Improving the solvency of public employee pension funds isn’t the sort of legislative accomplishment that typically packs the Minnesota Capitol rotunda with cheering citizens. But a signing ceremony for a bill to do just that drew a spirited crowd last Thursday — and for good reason. In a legislative session that ended in futility on many fronts, the 2018 pension bill provided a welcome example of lawmaking done right.

The bill Gov. Mark Dayton signed — his last, he says — is a win-win-win. It’s good for the state’s 173,000 public employment retirees, easing fears that underfunded pension funds will someday deny them their earned and bargained-for benefits. It’s good for the state’s incumbent and prospective workforce, allowing dependable, defined-benefit pension plans to serve as a magnet for attracting and retaining talent.

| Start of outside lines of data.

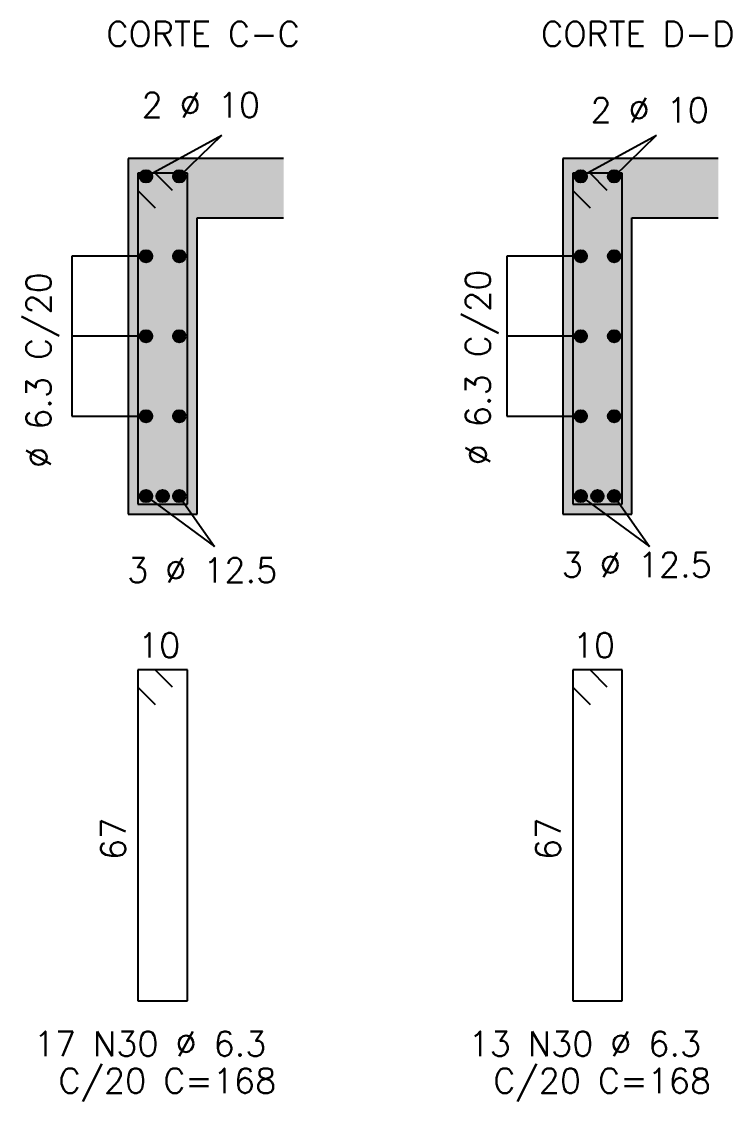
# Model space of a CAD drawing. Extents: x -1.9 to 86, y -1.6 to 60.9.
# Drawn here: x 55.74 to 61.49, y 37.28 to 46.02 of the extents above; entities that cross this region are included whole.
import ezdxf

# ---------------------------------------------------------------- set-up
doc = ezdxf.new("R2010")
doc.units = 0
doc.header["$MEASUREMENT"] = 0
for name, color, linetype in [('PENA_01', 1, 'CONTINUOUS'), ('PENA_03', 3, 'CONTINUOUS'), ('PENA_04', 4, 'CONTINUOUS'), ('PENA_05', 5, 'CONTINUOUS'), ('PENA_10', 253, 'CONTINUOUS')]:
    doc.layers.add(name, color=color, linetype=linetype)
doc.styles.get("Standard").update_dxf_attribs({"font": 'ROMANS.SHX'})

msp = doc.modelspace()

# ---------------------------------------------------------------- linework, layer by layer
at = {"layer": 'PENA_01', "linetype": 'Continuous'}
for p, q in [((56.745417, 44.768136), (57.3589, 45.102392)), ((57.015417, 44.768136), (57.3589, 45.102392)), ((60.269805, 44.768136), (60.883289, 45.102392)), ((60.539805, 44.768136), (60.883289, 45.102392)), ((56.745417, 44.120636), (56.145417, 44.120636)), ((56.145417, 44.120636), (56.145417, 42.825636)), ((60.269805, 44.120636), (59.669805, 44.120636)), ((59.669805, 44.120636), (59.669805, 42.825636)), ((56.745417, 43.473136), (56.145417, 43.473136)), ((60.269805, 43.473136), (59.669805, 43.473136)), ((56.145417, 42.825636), (56.745417, 42.825636)), ((59.669805, 42.825636), (60.269805, 42.825636)), ((56.745417, 42.178136), (57.301337, 41.769498)), ((57.015417, 42.178136), (57.301337, 41.769498)), ((60.269805, 42.178136), (60.825726, 41.769498)), ((60.539805, 42.178136), (60.825726, 41.769498))]:
    msp.add_line(p, q, dxfattribs=at)
at = {"layer": 'PENA_03', "linetype": 'Continuous'}
for p, q in [((56.600417, 44.913136), (56.600417, 42.033136)), ((57.860417, 44.913136), (56.600417, 44.913136)), ((61.384805, 44.913136), (60.124805, 44.913136)), ((60.124805, 44.913136), (60.124805, 42.033136)), ((57.160417, 42.033136), (57.160417, 44.433136)), ((57.160417, 44.433136), (57.860417, 44.433136)), ((60.684805, 44.433136), (61.384805, 44.433136)), ((60.684805, 42.033136), (60.684805, 44.433136)), ((56.600417, 42.033136), (57.160417, 42.033136)), ((60.124805, 42.033136), (60.684805, 42.033136))]:
    msp.add_line(p, q, dxfattribs=at)
for centre in [(56.745417, 44.768136), (56.745417, 44.768136), (57.015417, 44.768136), (57.015417, 44.768136), (60.269805, 44.768136), (60.539805, 44.768136), (56.745417, 44.120636), (57.015417, 44.120636), (60.269805, 44.120636), (60.539805, 44.120636), (56.745417, 43.473136), (57.015417, 43.473136), (60.269805, 43.473136), (60.539805, 43.473136), (56.745417, 42.825636), (57.015417, 42.825636), (60.269805, 42.825636), (60.539805, 42.825636), (56.745417, 42.178136), (56.745417, 42.178136), (56.880417, 42.178136), (57.015417, 42.178136), (57.015417, 42.178136), (60.269805, 42.178136), (60.269805, 42.178136), (60.404805, 42.178136), (60.404805, 42.178136), (60.539805, 42.178136), (60.539805, 42.178136)]:
    msp.add_circle(centre, 0.05, dxfattribs=at)
for points in [[(56.795417, 44.768136), (56.720417, 44.811437), (56.698432, 44.785237)], [(56.795417, 44.768136), (56.720417, 44.811437), (56.698432, 44.785237)], [(56.795417, 44.768136), (56.698432, 44.785237), (56.698432, 44.751035)], [(56.795417, 44.768136), (56.698432, 44.785237), (56.698432, 44.751035)], [(56.795417, 44.768136), (56.754099, 44.817376), (56.720417, 44.811437)], [(56.795417, 44.768136), (56.754099, 44.817376), (56.720417, 44.811437)], [(56.795417, 44.768136), (56.783719, 44.800275), (56.754099, 44.817376)], [(56.795417, 44.768136), (56.783719, 44.800275), (56.754099, 44.817376)], [(57.065417, 44.768136), (56.990417, 44.811437), (56.968432, 44.785237)], [(57.065417, 44.768136), (56.990417, 44.811437), (56.968432, 44.785237)], [(57.065417, 44.768136), (56.968432, 44.785237), (56.968432, 44.751035)], [(57.065417, 44.768136), (56.968432, 44.785237), (56.968432, 44.751035)], [(57.065417, 44.768136), (57.024099, 44.817376), (56.990417, 44.811437)], [(57.065417, 44.768136), (57.024099, 44.817376), (56.990417, 44.811437)], [(57.065417, 44.768136), (57.053719, 44.800275), (57.024099, 44.817376)], [(57.065417, 44.768136), (57.053719, 44.800275), (57.024099, 44.817376)], [(60.319805, 44.768136), (60.244805, 44.811437), (60.222821, 44.785237)], [(60.319805, 44.768136), (60.222821, 44.785237), (60.222821, 44.751035)], [(60.319805, 44.768136), (60.278488, 44.817376), (60.244805, 44.811437)], [(60.319805, 44.768136), (60.308108, 44.800275), (60.278488, 44.817376)], [(60.589805, 44.768136), (60.514805, 44.811437), (60.492821, 44.785237)], [(60.589805, 44.768136), (60.492821, 44.785237), (60.492821, 44.751035)], [(60.589805, 44.768136), (60.548488, 44.817376), (60.514805, 44.811437)], [(60.589805, 44.768136), (60.578108, 44.800275), (60.548488, 44.817376)], [(56.795417, 44.768136), (56.698432, 44.751035), (56.720417, 44.724834)], [(56.795417, 44.768136), (56.698432, 44.751035), (56.720417, 44.724834)], [(56.795417, 44.768136), (56.720417, 44.724834), (56.754099, 44.718895)], [(56.795417, 44.768136), (56.720417, 44.724834), (56.754099, 44.718895)], [(56.795417, 44.768136), (56.754099, 44.718895), (56.783719, 44.735996)], [(56.795417, 44.768136), (56.754099, 44.718895), (56.783719, 44.735996)], [(56.795417, 44.768136), (56.783719, 44.735996), (56.795417, 44.768136)], [(56.795417, 44.768136), (56.783719, 44.735996), (56.795417, 44.768136)], [(57.065417, 44.768136), (56.968432, 44.751035), (56.990417, 44.724834)], [(57.065417, 44.768136), (56.968432, 44.751035), (56.990417, 44.724834)], [(57.065417, 44.768136), (56.990417, 44.724834), (57.024099, 44.718895)], [(57.065417, 44.768136), (56.990417, 44.724834), (57.024099, 44.718895)], [(57.065417, 44.768136), (57.024099, 44.718895), (57.053719, 44.735996)], [(57.065417, 44.768136), (57.024099, 44.718895), (57.053719, 44.735996)], [(57.065417, 44.768136), (57.053719, 44.735996), (57.065417, 44.768136)], [(57.065417, 44.768136), (57.053719, 44.735996), (57.065417, 44.768136)], [(60.319805, 44.768136), (60.222821, 44.751035), (60.244805, 44.724834)], [(60.319805, 44.768136), (60.244805, 44.724834), (60.278488, 44.718895)], [(60.319805, 44.768136), (60.278488, 44.718895), (60.308108, 44.735996)], [(60.319805, 44.768136), (60.308108, 44.735996), (60.319805, 44.768136)], [(60.589805, 44.768136), (60.492821, 44.751035), (60.514805, 44.724834)], [(60.589805, 44.768136), (60.514805, 44.724834), (60.548488, 44.718895)], [(60.589805, 44.768136), (60.548488, 44.718895), (60.578108, 44.735996)], [(60.589805, 44.768136), (60.578108, 44.735996), (60.589805, 44.768136)], [(56.795417, 44.120636), (56.754099, 44.169876), (56.720417, 44.163937)], [(56.795417, 44.120636), (56.783719, 44.152775), (56.754099, 44.169876)], [(57.065417, 44.120636), (57.024099, 44.169876), (56.990417, 44.163937)], [(57.065417, 44.120636), (57.053719, 44.152775), (57.024099, 44.169876)], [(60.319805, 44.120636), (60.278488, 44.169876), (60.244805, 44.163937)], [(60.319805, 44.120636), (60.308108, 44.152775), (60.278488, 44.169876)], [(60.589805, 44.120636), (60.548488, 44.169876), (60.514805, 44.163937)], [(60.589805, 44.120636), (60.578108, 44.152775), (60.548488, 44.169876)], [(56.795417, 44.120636), (56.720417, 44.163937), (56.698432, 44.137737)], [(56.795417, 44.120636), (56.698432, 44.137737), (56.698432, 44.103535)], [(56.795417, 44.120636), (56.698432, 44.103535), (56.720417, 44.077334)], [(56.795417, 44.120636), (56.720417, 44.077334), (56.754099, 44.071395)], [(56.795417, 44.120636), (56.754099, 44.071395), (56.783719, 44.088496)], [(56.795417, 44.120636), (56.783719, 44.088496), (56.795417, 44.120636)], [(57.065417, 44.120636), (56.990417, 44.163937), (56.968432, 44.137737)], [(57.065417, 44.120636), (56.968432, 44.137737), (56.968432, 44.103535)], [(57.065417, 44.120636), (56.968432, 44.103535), (56.990417, 44.077334)], [(57.065417, 44.120636), (56.990417, 44.077334), (57.024099, 44.071395)], [(57.065417, 44.120636), (57.024099, 44.071395), (57.053719, 44.088496)], [(57.065417, 44.120636), (57.053719, 44.088496), (57.065417, 44.120636)], [(60.319805, 44.120636), (60.244805, 44.163937), (60.222821, 44.137737)], [(60.319805, 44.120636), (60.222821, 44.137737), (60.222821, 44.103535)], [(60.319805, 44.120636), (60.222821, 44.103535), (60.244805, 44.077334)], [(60.319805, 44.120636), (60.244805, 44.077334), (60.278488, 44.071395)], [(60.319805, 44.120636), (60.278488, 44.071395), (60.308108, 44.088496)], [(60.319805, 44.120636), (60.308108, 44.088496), (60.319805, 44.120636)], [(60.589805, 44.120636), (60.514805, 44.163937), (60.492821, 44.137737)], [(60.589805, 44.120636), (60.492821, 44.137737), (60.492821, 44.103535)], [(60.589805, 44.120636), (60.492821, 44.103535), (60.514805, 44.077334)], [(60.589805, 44.120636), (60.514805, 44.077334), (60.548488, 44.071395)], [(60.589805, 44.120636), (60.548488, 44.071395), (60.578108, 44.088496)], [(60.589805, 44.120636), (60.578108, 44.088496), (60.589805, 44.120636)], [(56.795417, 43.473136), (56.720417, 43.516437), (56.698432, 43.490237)], [(56.795417, 43.473136), (56.698432, 43.490237), (56.698432, 43.456035)], [(56.795417, 43.473136), (56.698432, 43.456035), (56.720417, 43.429834)], [(56.795417, 43.473136), (56.754099, 43.522376), (56.720417, 43.516437)], [(56.795417, 43.473136), (56.720417, 43.429834), (56.754099, 43.423895)], [(56.795417, 43.473136), (56.783719, 43.505275), (56.754099, 43.522376)], [(56.795417, 43.473136), (56.754099, 43.423895), (56.783719, 43.440996)], [(56.795417, 43.473136), (56.783719, 43.440996), (56.795417, 43.473136)], [(57.065417, 43.473136), (56.990417, 43.516437), (56.968432, 43.490237)], [(57.065417, 43.473136), (56.968432, 43.490237), (56.968432, 43.456035)], [(57.065417, 43.473136), (56.968432, 43.456035), (56.990417, 43.429834)], [(57.065417, 43.473136), (57.024099, 43.522376), (56.990417, 43.516437)], [(57.065417, 43.473136), (56.990417, 43.429834), (57.024099, 43.423895)], [(57.065417, 43.473136), (57.053719, 43.505275), (57.024099, 43.522376)], [(57.065417, 43.473136), (57.024099, 43.423895), (57.053719, 43.440996)], [(57.065417, 43.473136), (57.053719, 43.440996), (57.065417, 43.473136)], [(60.319805, 43.473136), (60.244805, 43.516437), (60.222821, 43.490237)], [(60.319805, 43.473136), (60.222821, 43.490237), (60.222821, 43.456035)], [(60.319805, 43.473136), (60.222821, 43.456035), (60.244805, 43.429834)], [(60.319805, 43.473136), (60.278488, 43.522376), (60.244805, 43.516437)], [(60.319805, 43.473136), (60.244805, 43.429834), (60.278488, 43.423895)], [(60.319805, 43.473136), (60.308108, 43.505275), (60.278488, 43.522376)], [(60.319805, 43.473136), (60.278488, 43.423895), (60.308108, 43.440996)], [(60.319805, 43.473136), (60.308108, 43.440996), (60.319805, 43.473136)], [(60.589805, 43.473136), (60.514805, 43.516437), (60.492821, 43.490237)], [(60.589805, 43.473136), (60.492821, 43.490237), (60.492821, 43.456035)], [(60.589805, 43.473136), (60.492821, 43.456035), (60.514805, 43.429834)], [(60.589805, 43.473136), (60.548488, 43.522376), (60.514805, 43.516437)], [(60.589805, 43.473136), (60.514805, 43.429834), (60.548488, 43.423895)], [(60.589805, 43.473136), (60.578108, 43.505275), (60.548488, 43.522376)], [(60.589805, 43.473136), (60.548488, 43.423895), (60.578108, 43.440996)], [(60.589805, 43.473136), (60.578108, 43.440996), (60.589805, 43.473136)], [(56.795417, 42.825636), (56.720417, 42.868937), (56.698432, 42.842737)], [(56.795417, 42.825636), (56.754099, 42.874876), (56.720417, 42.868937)], [(56.795417, 42.825636), (56.783719, 42.857775), (56.754099, 42.874876)], [(57.065417, 42.825636), (56.990417, 42.868937), (56.968432, 42.842737)], [(57.065417, 42.825636), (57.024099, 42.874876), (56.990417, 42.868937)], [(57.065417, 42.825636), (57.053719, 42.857775), (57.024099, 42.874876)], [(60.319805, 42.825636), (60.244805, 42.868937), (60.222821, 42.842737)], [(60.319805, 42.825636), (60.278488, 42.874876), (60.244805, 42.868937)], [(60.319805, 42.825636), (60.308108, 42.857775), (60.278488, 42.874876)], [(60.589805, 42.825636), (60.514805, 42.868937), (60.492821, 42.842737)], [(60.589805, 42.825636), (60.548488, 42.874876), (60.514805, 42.868937)], [(60.589805, 42.825636), (60.578108, 42.857775), (60.548488, 42.874876)], [(56.795417, 42.825636), (56.698432, 42.842737), (56.698432, 42.808535)], [(56.795417, 42.825636), (56.698432, 42.808535), (56.720417, 42.782334)], [(56.795417, 42.825636), (56.720417, 42.782334), (56.754099, 42.776395)], [(56.795417, 42.825636), (56.754099, 42.776395), (56.783719, 42.793496)], [(56.795417, 42.825636), (56.783719, 42.793496), (56.795417, 42.825636)], [(57.065417, 42.825636), (56.968432, 42.842737), (56.968432, 42.808535)], [(57.065417, 42.825636), (56.968432, 42.808535), (56.990417, 42.782334)], [(57.065417, 42.825636), (56.990417, 42.782334), (57.024099, 42.776395)], [(57.065417, 42.825636), (57.024099, 42.776395), (57.053719, 42.793496)], [(57.065417, 42.825636), (57.053719, 42.793496), (57.065417, 42.825636)], [(60.319805, 42.825636), (60.222821, 42.842737), (60.222821, 42.808535)], [(60.319805, 42.825636), (60.222821, 42.808535), (60.244805, 42.782334)], [(60.319805, 42.825636), (60.244805, 42.782334), (60.278488, 42.776395)], [(60.319805, 42.825636), (60.278488, 42.776395), (60.308108, 42.793496)], [(60.319805, 42.825636), (60.308108, 42.793496), (60.319805, 42.825636)], [(60.589805, 42.825636), (60.492821, 42.842737), (60.492821, 42.808535)], [(60.589805, 42.825636), (60.492821, 42.808535), (60.514805, 42.782334)], [(60.589805, 42.825636), (60.514805, 42.782334), (60.548488, 42.776395)], [(60.589805, 42.825636), (60.548488, 42.776395), (60.578108, 42.793496)], [(60.589805, 42.825636), (60.578108, 42.793496), (60.589805, 42.825636)], [(56.795417, 42.178136), (56.720417, 42.221437), (56.698432, 42.195237)], [(56.795417, 42.178136), (56.720417, 42.221437), (56.698432, 42.195237)], [(56.795417, 42.178136), (56.698432, 42.195237), (56.698432, 42.161035)], [(56.795417, 42.178136), (56.698432, 42.195237), (56.698432, 42.161035)], [(56.795417, 42.178136), (56.698432, 42.161035), (56.720417, 42.134834)], [(56.795417, 42.178136), (56.698432, 42.161035), (56.720417, 42.134834)], [(56.795417, 42.178136), (56.754099, 42.227376), (56.720417, 42.221437)], [(56.795417, 42.178136), (56.754099, 42.227376), (56.720417, 42.221437)], [(56.795417, 42.178136), (56.720417, 42.134834), (56.754099, 42.128895)], [(56.795417, 42.178136), (56.720417, 42.134834), (56.754099, 42.128895)], [(56.795417, 42.178136), (56.783719, 42.210275), (56.754099, 42.227376)], [(56.795417, 42.178136), (56.783719, 42.210275), (56.754099, 42.227376)], [(56.795417, 42.178136), (56.754099, 42.128895), (56.783719, 42.145996)], [(56.795417, 42.178136), (56.754099, 42.128895), (56.783719, 42.145996)], [(56.795417, 42.178136), (56.783719, 42.145996), (56.795417, 42.178136)], [(56.795417, 42.178136), (56.783719, 42.145996), (56.795417, 42.178136)], [(56.930417, 42.178136), (56.855417, 42.221437), (56.833432, 42.195237)], [(56.930417, 42.178136), (56.833432, 42.195237), (56.833432, 42.161035)], [(56.930417, 42.178136), (56.833432, 42.161035), (56.855417, 42.134834)], [(56.930417, 42.178136), (56.889099, 42.227376), (56.855417, 42.221437)], [(56.930417, 42.178136), (56.855417, 42.134834), (56.889099, 42.128895)], [(56.930417, 42.178136), (56.918719, 42.210275), (56.889099, 42.227376)], [(56.930417, 42.178136), (56.889099, 42.128895), (56.918719, 42.145996)], [(56.930417, 42.178136), (56.918719, 42.145996), (56.930417, 42.178136)], [(57.065417, 42.178136), (56.990417, 42.221437), (56.968432, 42.195237)], [(57.065417, 42.178136), (56.990417, 42.221437), (56.968432, 42.195237)], [(57.065417, 42.178136), (56.968432, 42.195237), (56.968432, 42.161035)], [(57.065417, 42.178136), (56.968432, 42.195237), (56.968432, 42.161035)], [(57.065417, 42.178136), (56.968432, 42.161035), (56.990417, 42.134834)], [(57.065417, 42.178136), (56.968432, 42.161035), (56.990417, 42.134834)], [(57.065417, 42.178136), (57.024099, 42.227376), (56.990417, 42.221437)], [(57.065417, 42.178136), (57.024099, 42.227376), (56.990417, 42.221437)], [(57.065417, 42.178136), (56.990417, 42.134834), (57.024099, 42.128895)], [(57.065417, 42.178136), (56.990417, 42.134834), (57.024099, 42.128895)], [(57.065417, 42.178136), (57.053719, 42.210275), (57.024099, 42.227376)], [(57.065417, 42.178136), (57.053719, 42.210275), (57.024099, 42.227376)], [(57.065417, 42.178136), (57.024099, 42.128895), (57.053719, 42.145996)], [(57.065417, 42.178136), (57.024099, 42.128895), (57.053719, 42.145996)], [(57.065417, 42.178136), (57.053719, 42.145996), (57.065417, 42.178136)], [(57.065417, 42.178136), (57.053719, 42.145996), (57.065417, 42.178136)], [(60.319805, 42.178136), (60.244805, 42.221437), (60.222821, 42.195237)], [(60.319805, 42.178136), (60.244805, 42.221437), (60.222821, 42.195237)], [(60.319805, 42.178136), (60.222821, 42.195237), (60.222821, 42.161035)], [(60.319805, 42.178136), (60.222821, 42.195237), (60.222821, 42.161035)], [(60.319805, 42.178136), (60.222821, 42.161035), (60.244805, 42.134834)], [(60.319805, 42.178136), (60.222821, 42.161035), (60.244805, 42.134834)], [(60.319805, 42.178136), (60.278488, 42.227376), (60.244805, 42.221437)], [(60.319805, 42.178136), (60.278488, 42.227376), (60.244805, 42.221437)], [(60.319805, 42.178136), (60.244805, 42.134834), (60.278488, 42.128895)], [(60.319805, 42.178136), (60.244805, 42.134834), (60.278488, 42.128895)], [(60.319805, 42.178136), (60.308108, 42.210275), (60.278488, 42.227376)], [(60.319805, 42.178136), (60.308108, 42.210275), (60.278488, 42.227376)], [(60.319805, 42.178136), (60.278488, 42.128895), (60.308108, 42.145996)], [(60.319805, 42.178136), (60.278488, 42.128895), (60.308108, 42.145996)], [(60.319805, 42.178136), (60.308108, 42.145996), (60.319805, 42.178136)], [(60.319805, 42.178136), (60.308108, 42.145996), (60.319805, 42.178136)], [(60.454805, 42.178136), (60.379805, 42.221437), (60.357821, 42.195237)], [(60.454805, 42.178136), (60.379805, 42.221437), (60.357821, 42.195237)], [(60.454805, 42.178136), (60.357821, 42.195237), (60.357821, 42.161035)], [(60.454805, 42.178136), (60.357821, 42.195237), (60.357821, 42.161035)], [(60.454805, 42.178136), (60.357821, 42.161035), (60.379805, 42.134834)], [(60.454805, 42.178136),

It’s good for taxpayers. The unchecked growth in unfunded pension fund liabilities, which had reached $16.2 billion earlier this year, was damaging Minnesota’s creditworthiness. For several years, Wall Street rating agencies have told state officials that the rating — which governs both state and local government borrowing costs — was at risk unless something was done to shore up the state’s four big public employee pension funds. That risk has now eased, keeping borrowing costs down.

What’s more: This bill’s enactment was good for the Legislature itself. It showed that despite deep partisan divisions, it’s still possible to come to bipartisan agreement on the responsible governance of this state.

The unanimous votes for the final bill in both the House and the Senate belie its contentious history. The 2016 and 2017 versions of the bill were both vetoed by Dayton, for varying reasons. The DFL governor faulted the 2016 bill for unfairly employing just one tactic — reduced benefits for current retirees — to shore up fund solvency. To win his signature, Dayton said, a bill must rely on “shared participation.”

Dayton then did what should be done more often: He appointed a bipartisan task force of citizen experts on large pension funds to recommend a remedy. That distinguished group included one former Republican legislator, Morrie Lanning of Moorhead, and several past and present corporate executives, among them James Campbell of Wells Fargo. Their report made the case and described terms that would constitute shared sacrifice. Retirees, current public employees, and state and local governments all needed to take a financial haircut now in order to avert the need for deeper future cuts, it said.

That argument, pressed by key legislators and Dayton administration officials, sold most of the pension fund governing boards by 2017. But some GOP legislators saw shoring up pensions as an issue Dayton and union-allied DFLers wanted more than they did. That inspired them to add to the bill a “pre-emption” measure Republicans and their business allies favored. It required that cities drop their attempts to set labor standards for the private sector and instead allow state law to prevail. In legislative parlance, that was a poison pill. It brought Dayton’s second pension bill veto.

By the start of the 2018 session, all of the state’s pension funds supported the bill’s mix of slower retiree benefit increases and higher employer contributions. A surplus in the state’s general fund through mid-2019 was sufficient to handle the bill’s initial $27 million cost. The bill had skillful Republican leadership in Senate Finance Chairwoman Julie Rosen, R-Vernon Center, and Rep. Tim O’Driscoll, R-Sartell, who fended off poison pills. Management and Budget Commissioner Myron Frans took on the pension issue as a personal cause, emphasizing Dayton’s desire to leave office at the end of this year with the state’s fiscal house in good order. Growing pension liabilities would mar that.

Despite that array of support, the bill was the last one off the House floor on May 20 as the midnight deadline for passing bills approached. A Republican spokesman admitted that it was delayed in hopes of “keeping DFLers behaving well” on other bills. When the vote was finally called, no red (negative) lights appeared on the electronic vote board.

For a bill that discourages early retirement, scales back cost-of-living adjustments for retirees, increases state spending and shores up a defined-benefit pension system that some critics consider outmoded, we’d call that remarkable. More than that: We’d call it good governance.